── Dataset records ──

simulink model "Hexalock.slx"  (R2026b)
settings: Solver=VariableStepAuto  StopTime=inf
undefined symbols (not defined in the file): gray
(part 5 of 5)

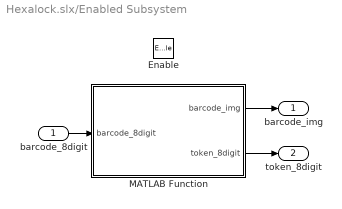
== system Hexalock.slx/Enabled Subsystem ==
  barcode_8digit : Inport
  Enable : EnablePort
  MATLAB Function : MATLAB Function  TreatAsAtomicUnit=on
  barcode_img : Outport  InitialOutput=uint8(255 * ones(80, 320))
  token_8digit : Outport  Port=2  InitialOutput=0
  wires:
  MATLAB Function/1(barcode_img) -> barcode_img/1
  MATLAB Function/2(token_8digit) -> token_8digit/1
  barcode_8digit/1 -> MATLAB Function/1(barcode_8digit)

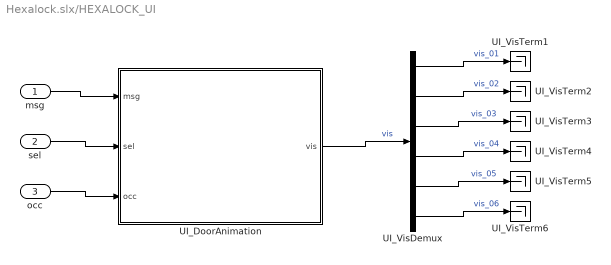
== system Hexalock.slx/HEXALOCK_UI ==
  msg : Inport
  sel : Inport  Port=2
  occ : Inport  Port=3
  UI_DoorAnimation : Stateflow chart  TreatAsAtomicUnit=on
  UI_VisDemux : Demux  Outputs=6
  UI_VisTerm{1..6} (6 alike) : Terminator
  wires:
  msg/1 -> UI_DoorAnimation/1(msg)
  sel/1 -> UI_DoorAnimation/2(sel)
  occ/1 -> UI_DoorAnimation/3(occ)
  UI_DoorAnimation/1(vis) -> UI_VisDemux/1  "vis"
  UI_VisDemux/1 -> UI_VisTerm1/1  "vis_01"
  UI_VisDemux/2 -> UI_VisTerm2/1  "vis_02"
  UI_VisDemux/3 -> UI_VisTerm3/1  "vis_03"
  UI_VisDemux/4 -> UI_VisTerm4/1  "vis_04"
  UI_VisDemux/5 -> UI_VisTerm5/1  "vis_05"
  UI_VisDemux/6 -> UI_VisTerm6/1  "vis_06"

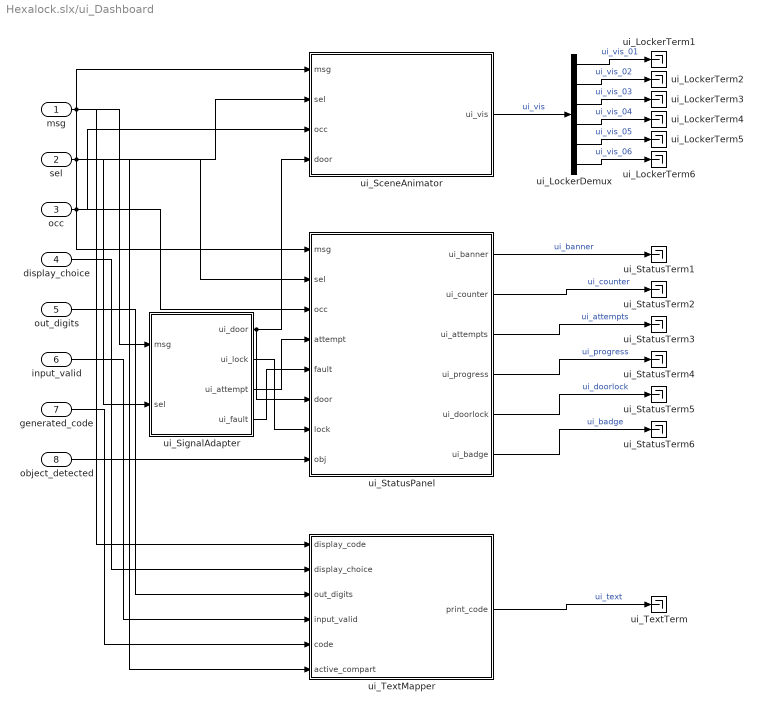
== system Hexalock.slx/ui_Dashboard ==
  msg : Inport
  sel : Inport  Port=2
  occ : Inport  Port=3
  display_choice : Inport  Port=4
  out_digits : Inport  Port=5
  input_valid : Inport  Port=6
  generated_code : Inport  Port=7
  object_detected : Inport  Port=8
  ui_LockerDemux : Demux  Outputs=6
  ui_LockerTerm{1..6} (6 alike) : Terminator
  ui_SceneAnimator : Stateflow chart  TreatAsAtomicUnit=on
  ui_SignalAdapter : Stateflow chart  TreatAsAtomicUnit=on
  ui_StatusPanel : Stateflow chart  TreatAsAtomicUnit=on
  ui_StatusTerm{1..6} (6 alike) : Terminator
  ui_TextMapper : MATLAB Function  TreatAsAtomicUnit=on
  ui_TextTerm : Terminator
  wires:
  msg/1 -> ui_SignalAdapter/1(msg), ui_SceneAnimator/1(msg), ui_StatusPanel/1(msg), ui_TextMapper/1(display_code)
  sel/1 -> ui_SignalAdapter/2(sel), ui_SceneAnimator/2(sel), ui_StatusPanel/2(sel), ui_TextMapper/6(active_compart)
  occ/1 -> ui_SceneAnimator/3(occ), ui_StatusPanel/3(occ)
  ui_SignalAdapter/1(ui_door) -> ui_SceneAnimator/4(door), ui_StatusPanel/6(door)
  ui_SceneAnimator/1(ui_vis) -> ui_LockerDemux/1  "ui_vis"
  ui_LockerDemux/1 -> ui_LockerTerm1/1  "ui_vis_01"
  ui_LockerDemux/2 -> ui_LockerTerm2/1  "ui_vis_02"
  ui_LockerDemux/3 -> ui_LockerTerm3/1  "ui_vis_03"
  ui_LockerDemux/4 -> ui_LockerTerm4/1  "ui_vis_04"
  ui_LockerDemux/5 -> ui_LockerTerm5/1  "ui_vis_05"
  ui_LockerDemux/6 -> ui_LockerTerm6/1  "ui_vis_06"
  ui_SignalAdapter/3(ui_attempt) -> ui_StatusPanel/4(attempt)
  ui_SignalAdapter/4(ui_fault) -> ui_StatusPanel/5(fault)
  ui_SignalAdapter/2(ui_lock) -> ui_StatusPanel/7(lock)
  object_detected/1 -> ui_StatusPanel/8(obj)
  ui_StatusPanel/1(ui_banner) -> ui_StatusTerm1/1  "ui_banner"
  ui_StatusPanel/2(ui_counter) -> ui_StatusTerm2/1  "ui_counter"
  ui_StatusPanel/3(ui_attempts) -> ui_StatusTerm3/1  "ui_attempts"
  ui_StatusPanel/4(ui_progress) -> ui_StatusTerm4/1  "ui_progress"
  ui_StatusPanel/5(ui_doorlock) -> ui_StatusTerm5/1  "ui_doorlock"
  ui_StatusPanel/6(ui_badge) -> ui_StatusTerm6/1  "ui_badge"
  display_choice/1 -> ui_TextMapper/2(display_choice)
  out_digits/1 -> ui_TextMapper/3(out_digits)
  input_valid/1 -> ui_TextMapper/4(input_valid)
  generated_code/1 -> ui_TextMapper/5(code)
  ui_TextMapper/1(print_code) -> ui_TextTerm/1  "ui_text"

== matlab function Hexalock.slx/Enabled Subsystem/MATLAB Function ==
  data: barcode_8digit input; barcode_img output; token_8digit output double size=1

function [barcode_img, token_8digit] = Barcode_Generator(barcode_8digit)
% Generate a Code 128C barcode for an 8-digit locker token.
% Fixed-size grayscale image: 80 rows x 320 columns.
% 0 = black, 255 = white.

barcode_img = uint8(255 * ones(80, 320));
token_8digit = barcode_8digit;
digits = zeros(1, 8);
temp = token_8digit;

for i = 8:-1:1
    digits(i) = mod(temp, 10);
    temp = floor(temp / 10);
end

% Code 128C encodes two digits per symbol.
pairs = zeros(1, 4);

for i = 1:4
    pairs(i) = digits(2*i-1)*10 + digits(2*i);
end

% Code 128 symbol patterns.
% Each row contains six alternating bar/space widths.
% Rows 1-106 correspond to symbol values 0-105.
patterns = uint8([
    2 1 2 2 2 2;
    2 2 2 1 2 2;
    2 2 2 2 2 1;
    1 2 1 2 2 3;
    1 2 1 3 2 2;
    1 3 1 2 2 2;
    1 2 2 2 1 3;
    1 2 2 3 1 2;
    1 3 2 2 1 2;
    2 2 1 2 1 3;
    2 2 1 3 1 2;
    2 3 1 2 1 2;
    1 1 2 2 3 2;
    1 2 2 1 3 2;
    1 2 2 2 3 1;
    1 1 3 2 2 2;
    1 2 3 1 2 2;
    1 2 3 2 2 1;
    2 2 3 2 1 1;
    2 2 1 1 3 2;
    2 2 1 2 3 1;
    2 1 3 2 1 2;
    2 2 3 1 1 2;
    3 1 2 1 3 1;
    3 1 1 2 2 2;
    3 2 1 1 2 2;
    3 2 1 2 2 1;
    3 1 2 2 1 2;
    3 2 2 1 1 2;
    3 2 2 2 1 1;
    2 1 2 1 2 3;
    2 1 2 3 2 1;
    2 3 2 1 2 1;
    1 1 1 3 2 3;
    1 3 1 1 2 3;
    1 3 1 3 2 1;
    1 1 2 3 1 3;
    1 3 2 1 1 3;
    1 3 2 3 1 1;
    2 1 1 3 1 3;
    2 3 1 1 1 3;
    2 3 1 3 1 1;
    1 1 2 1 3 3;
    1 1 2 3 3 1;
    1 3 2 1 3 1;
    1 1 3 1 2 3;
    1 1 3 3 2 1;
    1 3 3 1 2 1;
    3 1 3 1 2 1;
    2 1 1 3 3 1;
    2 3 1 1 3 1;
    2 1 3 1 1 3;
    2 1 3 3 1 1;
    2 1 3 1 3 1;
    3 1 1 1 2 3;
    3 1 1 3 2 1;
    3 3 1 1 2 1;
    3 1 2 1 1 3;
    3 1 2 3 1 1;
    3 3 2 1 1 1;
    3 1 4 1 1 1;
    2 2 1 4 1 1;
    4 3 1 1 1 1;
    1 1 1 2 2 4;
    1 1 1 4 2 2;
    1 2 1 1 2 4;
    1 2 1 4 2 1;
    1 4 1 1 2 2;
    1 4 1 2 2 1;
    1 1 2 2 1 4;
    1 1 2 4 1 2;
    1 2 2 1 1 4;
    1 2 2 4 1 1;
    1 4 2 1 1 2;
    1 4 2 2 1 1;
    2 4 1 2 1 1;
    2 2 1 1 1 4;
    4 1 3 1 1 1;
    2 4 1 1 1 2;
    1 3 4 1 1 1;
    1 1 1 2 4 2;
    1 2 1 1 4 2;
    1 2 1 2 4 1;
    1 1 4 2 1 2;
    1 2 4 1 1 2;
    1 2 4 2 1 1;
    4 1 1 2 1 2;
    4 2 1 1 1 2;
    4 2 1 2 1 1;
    2 1 2 1 4 1;
    2 1 4 1 2 1;
    4 1 2 1 2 1;
    1 1 1 1 4 3;
    1 1 1 3 4 1;
    1 3 1 1 4 1;
    1 1 4 1 1 3;
    1 1 4 3 1 1;
    4 1 1 1 1 3;
    4 1 1 3 1 1;
    1 1 3 1 4 1;
    1 1 4 1 3 1;
    3 1 1 1 4 1;
    4 1 1 1 3 1;
    2 1 1 4 1 2;
    2 1 1 2 1 4;
    2 1 1 2 3 2
]);

% Start Code C = 105.
% Checksum = (105 + weighted data symbols) mod 103.
checksum = 105;

for i = 1:4
    checksum = checksum + i * pairs(i);
end

checksum = mod(checksum, 103);

% Complete symbol sequence:
% Start C, 4 data pairs, checksum.
symbols = [105 pairs checksum];

% Fixed output width: 320 pixels.
% Each module is 2 pixels wide.
% Code 128C: 90 modules including stop.
% Left quiet zone begins at pixel 61.
module_width = 2;
x = 61;

% Draw six normal Code 128 symbols.
for s = 1:6
    symbol_value = symbols(s);
    widths = patterns(symbol_value + 1, :);

    for k = 1:6
        pixel_width = double(widths(k)) * module_width;

        % Odd positions represent black bars.
        if mod(k, 2) == 1
            barcode_img(9:72, x:x+pixel_width-1) = 0;
        end

        x = x + pixel_width;
    end
end

% Standard Code 128 stop pattern: 2331112.
stop_widths = [2 3 3 1 1 1 2];

for k = 1:7
    pixel_width = stop_widths(k) * module_width;

    if mod(k, 2) == 1
        barcode_img(9:72, x:x+pixel_width-1) = 0;
    end

    x = x + pixel_width;
end

end

== matlab function Hexalock.slx/MATLAB Function ==
  data: display_code input; print_code output; display_choice input; out_digits input; input_valid input; code input double size=1; active_compart input
function print_code = DisplayMapper(display_code, display_choice, out_digits, input_valid, code, active_compart)
% 1. Base prompt mapping based on system state
switch display_code
    % --- System / Idle ---
    case 0
        base_msg = "Welcome! 1#: Store | 2#: Retrieve | 333#: Maintenance";
    case 5
        base_msg = "Session timeout! Please start again";
    case 8
        base_msg = "Fault detected! Please wait for maintenance";
    case 11
        base_msg = "System locked: Attempt limit exceeded";

        % --- Store Parcel Flow ---
    case 1
        base_msg = "Select locker (1-6) + #";
    case 2
        base_msg = "Sorry, compartment unavailable";
    case 4
        base_msg = "Please place parcel";
    case 7
        base_msg = "Parcel stored! Please collect your receipt. Password:" + string(code);
    case 17
        base_msg = "Storage unavailable. All compartments are full.Please click # to return to main screen";

        % --- Retrieve Parcel Flow ---
    case 16
        base_msg = "Retrieval unavailable. All compartments are empty.Please click # to return to main screen";
    case 9
        base_msg = "Enter 6-digit PIN + #";
    case 10
        base_msg = "Error: Wrong PIN (6 digits), try again";
    case 12
        base_msg = "Please collect your parcel";
    case 13
        base_msg = "Parcel collected successfully!";
    case 26
        base_msg = "Retrieve: 11# Scan barcode | 22# Enter PIN";
    case 27
        base_msg = "Please scan your barcode";
    case 28
        base_msg = "Error: Barcode not recognised, try again";

        % --- Open & Close ---
    case 3
        base_msg = "Door " + active_compart + " opening";
    case 6
        base_msg = "Door Closing";

        % --- Maintenance Mode ---
    case 14
        base_msg = "Confirm authorisation";
    case 15
        base_msg = "To exit: confirm authorisation";
    case 18
        base_msg = "Enter Maintenance Id";
    case 19
        base_msg = "Enter Maintenance Pin";
    case 20
        base_msg = "Maintenance ID error";
    case 21
        base_msg = "Maintenance PIN error";
    case 22
        base_msg = "Maintenance Entry Successful";
    case 23
        base_msg = "MAINT ACTIVE: 1-6# Clear Box | 9# Reset All | 999# Exit";
    case 24
        base_msg = "Admin: Compartment Cleared";
    case 25
        base_msg = "Admin: All Compartments Reset!";


        % --- Default Fallback ---
    otherwise   % state 16
        base_msg = "System Ready";
end

% 2. Dynamic display rendering with input stream
if input_valid == 1
    % Instant feedback when '#' is pressed
    if out_digits > 0
        num_str = sprintf('%0*d', int64(out_digits), int64(display_choice));
        print_code = base_msg + "  [OK: " + num_str + "]";
    else
        print_code = base_msg + "  [Confirmed]";
    end

elseif out_digits > 0
    % Active typing stage: append real-time 1 to 6 digit inputs
    num_str = sprintf('%0*d', int64(out_digits), int64(display_choice));
    print_code = base_msg + "  [Input: " + num_str + "]";

else
    % Default idle or after '*' is pressed (out_digits == 0): restore clean prompt immediately
    print_code = base_msg;
end
end

== stateflow chart Hexalock.slx/Chart ==
  state Controller [parallel]
    settings: executionOrder=1
    state Main
      state StoreParcel
        state DisplayAvailable
        state OpenDoor
          en:
          lock(active_compart) = 0;
          lock_sensor(active_compart) = 0;
          motor(active_compart) = 0;
          door_sensor(active_compart) = 1;
          du:
          %Stop the motor if a fault has been detected
          if fault_detected == 1
          motor(active_compart) = 0;
          %If unlocking takes too long, stop motor and detect fault
          elseif elapsed(sec) >= 5 && ...
          lock_sensor(active_compart) ~= 0
          motor(active_compart) = 0;
          fault_detected = 1;
          %When door succesfully opens
          elseif door_sensor(active_compart) == 1
          motor(active_compart) = 0;
          %Fault detection check
          elseif door_sensor(active_compart) == 0 ||...
          lock_sensor(active_compart) == 1 ||...
          motor(active_compart) == 1;
          fault_detected = 1;
          %If it takes too long to open the door, detect fault
          elseif elapsed(sec) >= 15
          motor(active_compart) = 0;
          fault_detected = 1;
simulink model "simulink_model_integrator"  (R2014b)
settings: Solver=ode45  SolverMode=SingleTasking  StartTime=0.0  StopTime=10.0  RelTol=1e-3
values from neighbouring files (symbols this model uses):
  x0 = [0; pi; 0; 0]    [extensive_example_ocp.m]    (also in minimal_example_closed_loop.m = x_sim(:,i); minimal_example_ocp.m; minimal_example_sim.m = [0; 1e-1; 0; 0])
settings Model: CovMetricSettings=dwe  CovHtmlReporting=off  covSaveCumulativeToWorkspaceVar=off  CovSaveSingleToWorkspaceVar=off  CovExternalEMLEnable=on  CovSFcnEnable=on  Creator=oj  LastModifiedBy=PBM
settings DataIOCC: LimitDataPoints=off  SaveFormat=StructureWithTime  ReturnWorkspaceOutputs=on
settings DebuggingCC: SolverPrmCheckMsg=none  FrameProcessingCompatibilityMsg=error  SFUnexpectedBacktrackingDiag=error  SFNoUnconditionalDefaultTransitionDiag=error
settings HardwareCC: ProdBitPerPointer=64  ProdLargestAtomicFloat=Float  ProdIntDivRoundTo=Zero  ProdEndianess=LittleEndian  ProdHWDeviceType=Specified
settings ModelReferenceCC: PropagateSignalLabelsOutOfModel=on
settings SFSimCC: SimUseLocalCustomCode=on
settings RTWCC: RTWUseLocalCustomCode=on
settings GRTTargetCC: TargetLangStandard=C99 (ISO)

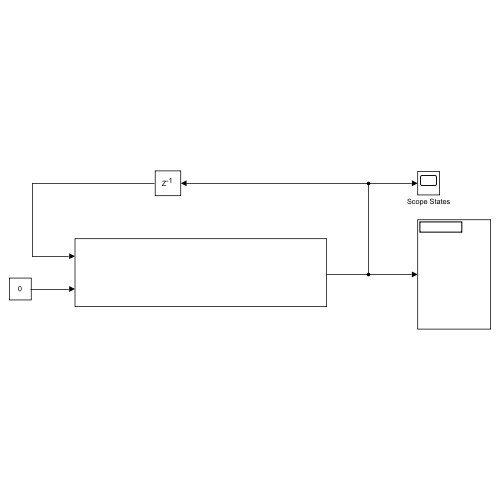
[thumbnail: Simulink's stored preview of the top-level diagram]
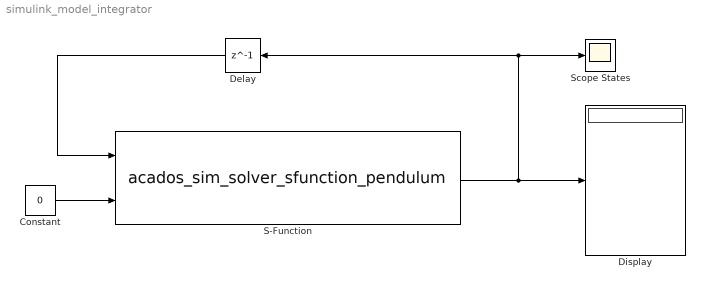
== system simulink_model_integrator ==
  Constant : Constant  Value=0
  Delay : Delay  DelayLength=1  InitialCondition=x0 + [0, 1, 0, 0]'  SampleTime=1/20
  Display : Display
  S-Function : S-Function  FunctionName=acados_sim_solver_sfunction_pendulum  SFunctionDeploymentMode=off  EnableBusSupport=off
      mask Display:
      | global sfun_sim_input_names sfun_sim_output_names
      | for i = 1:length(sfun_sim_input_names)
      | 	port_label('input', i, sfun_sim_input_names{i})
      | end
      | for i = 1:length(sfun_sim_output_names)
      | 	port_label('output', i, sfun_sim_output_names{i})
      | end
  Scope States : Scope
      settings: TimeRange=auto  MaxDataPoints=5000  SaveToWorkspace=off  SaveName=ScopeData  YMin=-4.47908  YMax=5.09937  SampleTime=-1
  wires:
  Constant/1 -> S-Function/2
  Delay/1 -> S-Function/1
  S-Function/1 -> Scope States/1, Delay/1, Display/1

───

__Problem statement__. Output the lines, exactly: the first line of the entries above, every line after it, and the line with "Enable : EnablePort" as the last. No pictures.

__Answer area__.
simulink model "Hexalock.slx"  (R2026b)
settings: Solver=VariableStepAuto  StopTime=inf
undefined symbols (not defined in the file): gray
(part 5 of 5)

== system Hexalock.slx/Enabled Subsystem ==
  barcode_8digit : Inport
  Enable : EnablePort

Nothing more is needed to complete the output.